Prolonged-release (PR) fampridine is the only approved medication to improve walking in multiple sclerosis (MS), having been shown to produce a clinically meaningful improvement in walking ability in the subset of MS patients with Expanded Disability Status Scale 4–7. Recent responder subgroup analyses in the phase III ENHANCE study show a large effect size in terms of an increase of 20.58 points on the patient-reported 12-item MS Walking Scale in the 43% of patients classified as responders to PR-fampridine, corresponding to a standardized response mean of 1.68. Use of PR-fampridine in clinical practice varies across Europe, depending partly on whether it is reimbursed.
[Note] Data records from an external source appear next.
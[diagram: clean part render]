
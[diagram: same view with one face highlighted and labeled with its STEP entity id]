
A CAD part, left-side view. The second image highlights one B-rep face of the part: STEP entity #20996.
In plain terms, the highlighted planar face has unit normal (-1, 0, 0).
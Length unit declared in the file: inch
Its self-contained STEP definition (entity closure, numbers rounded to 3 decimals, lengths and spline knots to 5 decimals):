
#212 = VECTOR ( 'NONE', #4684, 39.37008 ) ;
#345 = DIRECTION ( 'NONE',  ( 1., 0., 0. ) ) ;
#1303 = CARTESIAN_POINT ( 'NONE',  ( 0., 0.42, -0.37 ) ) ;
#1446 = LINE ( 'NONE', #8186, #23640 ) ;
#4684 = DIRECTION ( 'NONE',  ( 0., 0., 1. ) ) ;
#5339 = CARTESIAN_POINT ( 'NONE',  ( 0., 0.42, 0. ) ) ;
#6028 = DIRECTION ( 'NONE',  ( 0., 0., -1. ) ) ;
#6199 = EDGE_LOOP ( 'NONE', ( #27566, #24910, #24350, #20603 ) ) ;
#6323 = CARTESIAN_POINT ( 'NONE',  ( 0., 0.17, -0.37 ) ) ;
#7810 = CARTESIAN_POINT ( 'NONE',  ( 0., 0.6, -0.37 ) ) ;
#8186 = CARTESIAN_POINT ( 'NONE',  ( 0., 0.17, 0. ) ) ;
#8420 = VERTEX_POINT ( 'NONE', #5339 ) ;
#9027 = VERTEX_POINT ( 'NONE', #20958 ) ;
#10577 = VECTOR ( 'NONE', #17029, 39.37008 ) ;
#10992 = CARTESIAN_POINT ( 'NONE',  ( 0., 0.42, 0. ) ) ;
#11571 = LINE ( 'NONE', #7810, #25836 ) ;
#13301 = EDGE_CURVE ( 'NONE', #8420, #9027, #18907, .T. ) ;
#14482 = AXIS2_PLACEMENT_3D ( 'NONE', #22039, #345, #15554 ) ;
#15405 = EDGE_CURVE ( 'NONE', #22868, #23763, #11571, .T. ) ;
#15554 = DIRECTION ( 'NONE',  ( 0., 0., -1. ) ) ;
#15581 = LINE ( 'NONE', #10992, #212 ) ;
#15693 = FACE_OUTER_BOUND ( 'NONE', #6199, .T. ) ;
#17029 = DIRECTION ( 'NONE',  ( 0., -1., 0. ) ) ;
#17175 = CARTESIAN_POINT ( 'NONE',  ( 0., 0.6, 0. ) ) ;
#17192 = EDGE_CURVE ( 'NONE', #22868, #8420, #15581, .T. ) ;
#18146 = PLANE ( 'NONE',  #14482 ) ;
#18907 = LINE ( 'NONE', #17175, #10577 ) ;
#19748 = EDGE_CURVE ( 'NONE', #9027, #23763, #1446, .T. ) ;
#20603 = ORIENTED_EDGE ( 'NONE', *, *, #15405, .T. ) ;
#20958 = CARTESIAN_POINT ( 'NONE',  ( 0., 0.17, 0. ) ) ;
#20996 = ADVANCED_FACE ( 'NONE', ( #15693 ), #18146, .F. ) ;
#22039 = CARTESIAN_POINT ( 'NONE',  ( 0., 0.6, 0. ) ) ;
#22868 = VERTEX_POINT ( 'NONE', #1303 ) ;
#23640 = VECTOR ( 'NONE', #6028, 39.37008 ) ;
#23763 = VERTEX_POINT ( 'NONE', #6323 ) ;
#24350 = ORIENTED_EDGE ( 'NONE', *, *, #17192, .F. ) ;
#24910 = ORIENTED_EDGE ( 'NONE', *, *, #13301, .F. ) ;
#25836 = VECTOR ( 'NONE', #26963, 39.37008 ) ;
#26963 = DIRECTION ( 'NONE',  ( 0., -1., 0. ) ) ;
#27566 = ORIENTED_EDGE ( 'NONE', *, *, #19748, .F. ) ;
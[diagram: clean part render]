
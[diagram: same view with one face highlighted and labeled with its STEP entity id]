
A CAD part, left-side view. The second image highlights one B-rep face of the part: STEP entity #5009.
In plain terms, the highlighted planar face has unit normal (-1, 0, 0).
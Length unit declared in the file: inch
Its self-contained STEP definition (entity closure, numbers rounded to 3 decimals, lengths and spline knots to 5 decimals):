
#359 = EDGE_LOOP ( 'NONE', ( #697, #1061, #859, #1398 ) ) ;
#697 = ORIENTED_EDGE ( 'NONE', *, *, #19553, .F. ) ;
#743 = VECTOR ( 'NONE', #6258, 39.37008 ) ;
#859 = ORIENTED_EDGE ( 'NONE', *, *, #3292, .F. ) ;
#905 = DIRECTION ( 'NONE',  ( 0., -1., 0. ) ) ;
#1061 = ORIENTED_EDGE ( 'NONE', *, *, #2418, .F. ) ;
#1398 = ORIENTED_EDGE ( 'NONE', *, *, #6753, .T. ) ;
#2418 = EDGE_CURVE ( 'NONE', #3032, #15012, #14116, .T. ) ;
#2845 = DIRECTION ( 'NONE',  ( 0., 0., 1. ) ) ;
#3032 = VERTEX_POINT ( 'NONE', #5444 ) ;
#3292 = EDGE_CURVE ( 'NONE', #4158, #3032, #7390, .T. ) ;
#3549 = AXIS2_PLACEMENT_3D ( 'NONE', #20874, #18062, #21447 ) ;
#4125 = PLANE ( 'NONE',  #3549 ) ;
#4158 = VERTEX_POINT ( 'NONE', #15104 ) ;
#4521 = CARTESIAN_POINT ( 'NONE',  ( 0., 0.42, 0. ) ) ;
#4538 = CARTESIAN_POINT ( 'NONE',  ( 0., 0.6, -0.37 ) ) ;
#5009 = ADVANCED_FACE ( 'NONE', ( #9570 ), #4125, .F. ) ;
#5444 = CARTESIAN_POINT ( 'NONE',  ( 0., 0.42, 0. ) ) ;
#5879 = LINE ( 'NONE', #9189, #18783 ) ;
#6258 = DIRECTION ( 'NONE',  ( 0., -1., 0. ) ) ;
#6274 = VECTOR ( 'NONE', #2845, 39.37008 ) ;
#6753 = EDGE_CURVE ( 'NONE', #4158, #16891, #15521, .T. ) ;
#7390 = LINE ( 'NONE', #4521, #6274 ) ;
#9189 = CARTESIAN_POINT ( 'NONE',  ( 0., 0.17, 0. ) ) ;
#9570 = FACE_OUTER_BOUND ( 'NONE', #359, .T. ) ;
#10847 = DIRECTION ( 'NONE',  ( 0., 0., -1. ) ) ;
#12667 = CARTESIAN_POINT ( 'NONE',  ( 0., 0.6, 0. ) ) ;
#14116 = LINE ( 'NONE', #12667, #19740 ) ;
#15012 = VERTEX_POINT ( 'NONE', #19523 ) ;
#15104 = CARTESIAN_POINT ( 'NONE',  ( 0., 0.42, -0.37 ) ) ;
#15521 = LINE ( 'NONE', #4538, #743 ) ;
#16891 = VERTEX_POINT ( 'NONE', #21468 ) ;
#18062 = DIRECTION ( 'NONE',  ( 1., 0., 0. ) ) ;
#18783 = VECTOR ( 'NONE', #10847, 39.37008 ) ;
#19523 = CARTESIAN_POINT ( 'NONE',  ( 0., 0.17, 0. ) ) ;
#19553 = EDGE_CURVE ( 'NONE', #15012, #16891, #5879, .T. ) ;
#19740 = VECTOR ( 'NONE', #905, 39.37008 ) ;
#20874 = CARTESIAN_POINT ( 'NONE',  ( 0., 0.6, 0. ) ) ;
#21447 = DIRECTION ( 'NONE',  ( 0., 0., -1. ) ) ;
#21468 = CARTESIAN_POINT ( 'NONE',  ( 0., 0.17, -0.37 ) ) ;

A group of European MS experts met in June 2017 to discuss their experience with using PR-fampridine, including their views on the patient population for treatment, assessment of treatment response, re-testing and retreatment, and stopping criteria. This article summarizes the experts’ opinions on how PRfampridine can be used in real-world clinical practice to optimize the benefits to people with MS with impaired walking ability.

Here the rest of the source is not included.